_Your task_: In the entries below, find the line with "#13541 = CARTESIAN_POINT" and the line with "#22111 = AXIS2_PLACEMENT_3D"; give again those lines and every line between them, exactly.

_Excerpted records_:
---*---
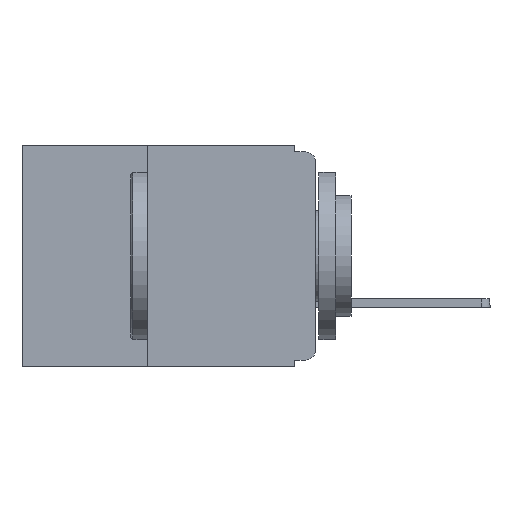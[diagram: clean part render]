
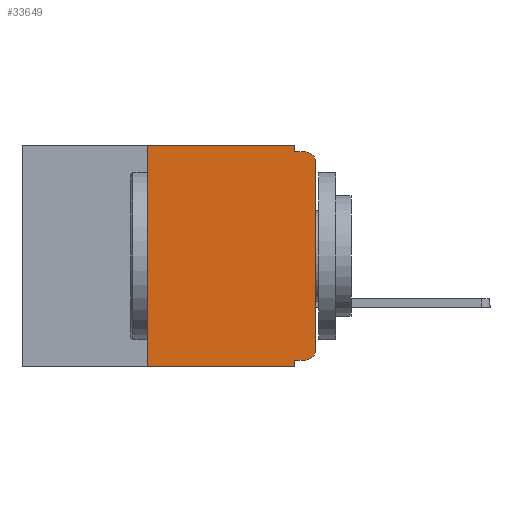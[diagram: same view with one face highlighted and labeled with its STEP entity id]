
A CAD part, left-side view. The second image highlights one B-rep face of the part: STEP entity #33649.
In plain terms, the highlighted planar face has unit normal (-1, 0, 0).
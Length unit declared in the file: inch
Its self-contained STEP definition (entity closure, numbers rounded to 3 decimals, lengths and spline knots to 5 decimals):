
#245 = LINE ( 'NONE', #33620, #27275 ) ;
#1240 = DIRECTION ( 'NONE',  ( 0., 1., 0. ) ) ;
#1298 = PLANE ( 'NONE',  #32338 ) ;
#1720 = EDGE_CURVE ( 'NONE', #13466, #9513, #19267, .T. ) ;
#1849 = VECTOR ( 'NONE', #23083, 39.37008 ) ;
#2211 = ORIENTED_EDGE ( 'NONE', *, *, #1720, .T. ) ;
#2820 = ORIENTED_EDGE ( 'NONE', *, *, #11056, .T. ) ;
#3243 = CIRCLE ( 'NONE', #22111, 0.015 ) ;
#3247 = DIRECTION ( 'NONE',  ( -1., 0., 0. ) ) ;
#3826 = CARTESIAN_POINT ( 'NONE',  ( 0., 0., -0.32 ) ) ;
#4100 = VERTEX_POINT ( 'NONE', #30796 ) ;
#4604 = EDGE_CURVE ( 'NONE', #9542, #9513, #18646, .T. ) ;
#4708 = CARTESIAN_POINT ( 'NONE',  ( 0., 0.437, 0. ) ) ;
#4904 = VECTOR ( 'NONE', #1240, 39.37008 ) ;
#5927 = VERTEX_POINT ( 'NONE', #13541 ) ;
#6239 = VERTEX_POINT ( 'NONE', #20607 ) ;
#6826 = ORIENTED_EDGE ( 'NONE', *, *, #24047, .T. ) ;
#7798 = CARTESIAN_POINT ( 'NONE',  ( 0., 0.25, -0.33 ) ) ;
#7842 = VECTOR ( 'NONE', #28807, 39.37008 ) ;
#8305 = AXIS2_PLACEMENT_3D ( 'NONE', #18909, #3247, #21602 ) ;
#9513 = VERTEX_POINT ( 'NONE', #31105 ) ;
#9542 = VERTEX_POINT ( 'NONE', #31210 ) ;
#9742 = VECTOR ( 'NONE', #17164, 39.37008 ) ;
#11056 = EDGE_CURVE ( 'NONE', #28217, #5927, #11373, .T. ) ;
#11373 = LINE ( 'NONE', #27631, #9742 ) ;
#12105 = CARTESIAN_POINT ( 'NONE',  ( 0., 0.437, -0.33 ) ) ;
#12677 = DIRECTION ( 'NONE',  ( -1., 0., 0. ) ) ;
#12745 = DIRECTION ( 'NONE',  ( 0., -1., 0. ) ) ;
#13143 = CARTESIAN_POINT ( 'NONE',  ( 0., 0.015, -0.32 ) ) ;
#13466 = VERTEX_POINT ( 'NONE', #28102 ) ;
#13501 = EDGE_CURVE ( 'NONE', #4100, #14546, #15729, .T. ) ;
#13541 = CARTESIAN_POINT ( 'NONE',  ( 0., 0., -0.025 ) ) ;
#14432 = CARTESIAN_POINT ( 'NONE',  ( 0., 0.437, 0. ) ) ;
#14546 = VERTEX_POINT ( 'NONE', #24140 ) ;
#14570 = CARTESIAN_POINT ( 'NONE',  ( 0., 0.031, -0.01 ) ) ;
#14698 = CIRCLE ( 'NONE', #8305, 0.015 ) ;
#15661 = EDGE_CURVE ( 'NONE', #13466, #4100, #26470, .T. ) ;
#15729 = LINE ( 'NONE', #4708, #1849 ) ;
#15770 = DIRECTION ( 'NONE',  ( 0., 0., 1. ) ) ;
#16631 = ORIENTED_EDGE ( 'NONE', *, *, #4604, .F. ) ;
#17054 = DIRECTION ( 'NONE',  ( 0., 0., -1. ) ) ;
#17164 = DIRECTION ( 'NONE',  ( 0., 0., 1. ) ) ;
#18332 = CARTESIAN_POINT ( 'NONE',  ( 0., 0., -0.01 ) ) ;
#18646 = LINE ( 'NONE', #18881, #24024 ) ;
#18823 = LINE ( 'NONE', #3826, #4904 ) ;
#18881 = CARTESIAN_POINT ( 'NONE',  ( 0., 0.031, -0.33 ) ) ;
#18909 = CARTESIAN_POINT ( 'NONE',  ( 0., 0.015, -0.305 ) ) ;
#19114 = ORIENTED_EDGE ( 'NONE', *, *, #27156, .F. ) ;
#19119 = DIRECTION ( 'NONE',  ( 0., 0., -1. ) ) ;
#19267 = LINE ( 'NONE', #12105, #25444 ) ;
#19659 = VERTEX_POINT ( 'NONE', #14570 ) ;
#20274 = VECTOR ( 'NONE', #15770, 39.37008 ) ;
#20607 = CARTESIAN_POINT ( 'NONE',  ( 0., 0.015, -0.01 ) ) ;
#20752 = FACE_OUTER_BOUND ( 'NONE', #24791, .T. ) ;
#21602 = DIRECTION ( 'NONE',  ( 0., 0., -1. ) ) ;
#22111 = AXIS2_PLACEMENT_3D ( 'NONE', #28380, #12677, #30958 ) ;
#23083 = DIRECTION ( 'NONE',  ( 0., -1., 0. ) ) ;
#23306 = EDGE_CURVE ( 'NONE', #5927, #6239, #3243, .T. ) ;
#23330 = DIRECTION ( 'NONE',  ( 0., 0., -1. ) ) ;
#23597 = ORIENTED_EDGE ( 'NONE', *, *, #29694, .F. ) ;
#24024 = VECTOR ( 'NONE', #19119, 39.37008 ) ;
#24047 = EDGE_CURVE ( 'NONE', #32680, #28217, #14698, .T. ) ;
#24140 = CARTESIAN_POINT ( 'NONE',  ( 0., 0.031, 0. ) ) ;
#24791 = EDGE_LOOP ( 'NONE', ( #2820, #28883, #30517, #23597, #29952, #32797, #2211, #16631, #19114, #6826 ) ) ;
#25444 = VECTOR ( 'NONE', #12745, 39.37008 ) ;
#25786 = EDGE_CURVE ( 'NONE', #19659, #6239, #28746, .T. ) ;
#26470 = LINE ( 'NONE', #7798, #20274 ) ;
#27156 = EDGE_CURVE ( 'NONE', #32680, #9542, #18823, .T. ) ;
#27275 = VECTOR ( 'NONE', #23330, 39.37008 ) ;
#27631 = CARTESIAN_POINT ( 'NONE',  ( 0., 0., 0. ) ) ;
#28102 = CARTESIAN_POINT ( 'NONE',  ( 0., 0.25, -0.33 ) ) ;
#28217 = VERTEX_POINT ( 'NONE', #32607 ) ;
#28380 = CARTESIAN_POINT ( 'NONE',  ( 0., 0.015, -0.025 ) ) ;
#28746 = LINE ( 'NONE', #18332, #7842 ) ;
#28807 = DIRECTION ( 'NONE',  ( 0., -1., 0. ) ) ;
#28883 = ORIENTED_EDGE ( 'NONE', *, *, #23306, .T. ) ;
#29694 = EDGE_CURVE ( 'NONE', #14546, #19659, #245, .T. ) ;
#29952 = ORIENTED_EDGE ( 'NONE', *, *, #13501, .F. ) ;
#30517 = ORIENTED_EDGE ( 'NONE', *, *, #25786, .F. ) ;
#30796 = CARTESIAN_POINT ( 'NONE',  ( 0., 0.25, 0. ) ) ;
#30958 = DIRECTION ( 'NONE',  ( 0., 0., -1. ) ) ;
#31105 = CARTESIAN_POINT ( 'NONE',  ( 0., 0.031, -0.33 ) ) ;
#31210 = CARTESIAN_POINT ( 'NONE',  ( 0., 0.031, -0.32 ) ) ;
#32338 = AXIS2_PLACEMENT_3D ( 'NONE', #14432, #32709, #17054 ) ;
#32607 = CARTESIAN_POINT ( 'NONE',  ( 0., 0., -0.305 ) ) ;
#32680 = VERTEX_POINT ( 'NONE', #13143 ) ;
#32709 = DIRECTION ( 'NONE',  ( 1., 0., 0. ) ) ;
#32797 = ORIENTED_EDGE ( 'NONE', *, *, #15661, .F. ) ;
#33620 = CARTESIAN_POINT ( 'NONE',  ( 0., 0.031, 0. ) ) ;
#33649 = ADVANCED_FACE ( 'NONE', ( #20752 ), #1298, .F. ) ;
---*---
_Answer_:
#13541 = CARTESIAN_POINT ( 'NONE',  ( 0., 0., -0.025 ) ) ;
#14432 = CARTESIAN_POINT ( 'NONE',  ( 0., 0.437, 0. ) ) ;
#14546 = VERTEX_POINT ( 'NONE', #24140 ) ;
#14570 = CARTESIAN_POINT ( 'NONE',  ( 0., 0.031, -0.01 ) ) ;
#14698 = CIRCLE ( 'NONE', #8305, 0.015 ) ;
#15661 = EDGE_CURVE ( 'NONE', #13466, #4100, #26470, .T. ) ;
#15729 = LINE ( 'NONE', #4708, #1849 ) ;
#15770 = DIRECTION ( 'NONE',  ( 0., 0., 1. ) ) ;
#16631 = ORIENTED_EDGE ( 'NONE', *, *, #4604, .F. ) ;
#17054 = DIRECTION ( 'NONE',  ( 0., 0., -1. ) ) ;
#17164 = DIRECTION ( 'NONE',  ( 0., 0., 1. ) ) ;
#18332 = CARTESIAN_POINT ( 'NONE',  ( 0., 0., -0.01 ) ) ;
#18646 = LINE ( 'NONE', #18881, #24024 ) ;
#18823 = LINE ( 'NONE', #3826, #4904 ) ;
#18881 = CARTESIAN_POINT ( 'NONE',  ( 0., 0.031, -0.33 ) ) ;
#18909 = CARTESIAN_POINT ( 'NONE',  ( 0., 0.015, -0.305 ) ) ;
#19114 = ORIENTED_EDGE ( 'NONE', *, *, #27156, .F. ) ;
#19119 = DIRECTION ( 'NONE',  ( 0., 0., -1. ) ) ;
#19267 = LINE ( 'NONE', #12105, #25444 ) ;
#19659 = VERTEX_POINT ( 'NONE', #14570 ) ;
#20274 = VECTOR ( 'NONE', #15770, 39.37008 ) ;
#20607 = CARTESIAN_POINT ( 'NONE',  ( 0., 0.015, -0.01 ) ) ;
#20752 = FACE_OUTER_BOUND ( 'NONE', #24791, .T. ) ;
#21602 = DIRECTION ( 'NONE',  ( 0., 0., -1. ) ) ;
#22111 = AXIS2_PLACEMENT_3D ( 'NONE', #28380, #12677, #30958 ) ;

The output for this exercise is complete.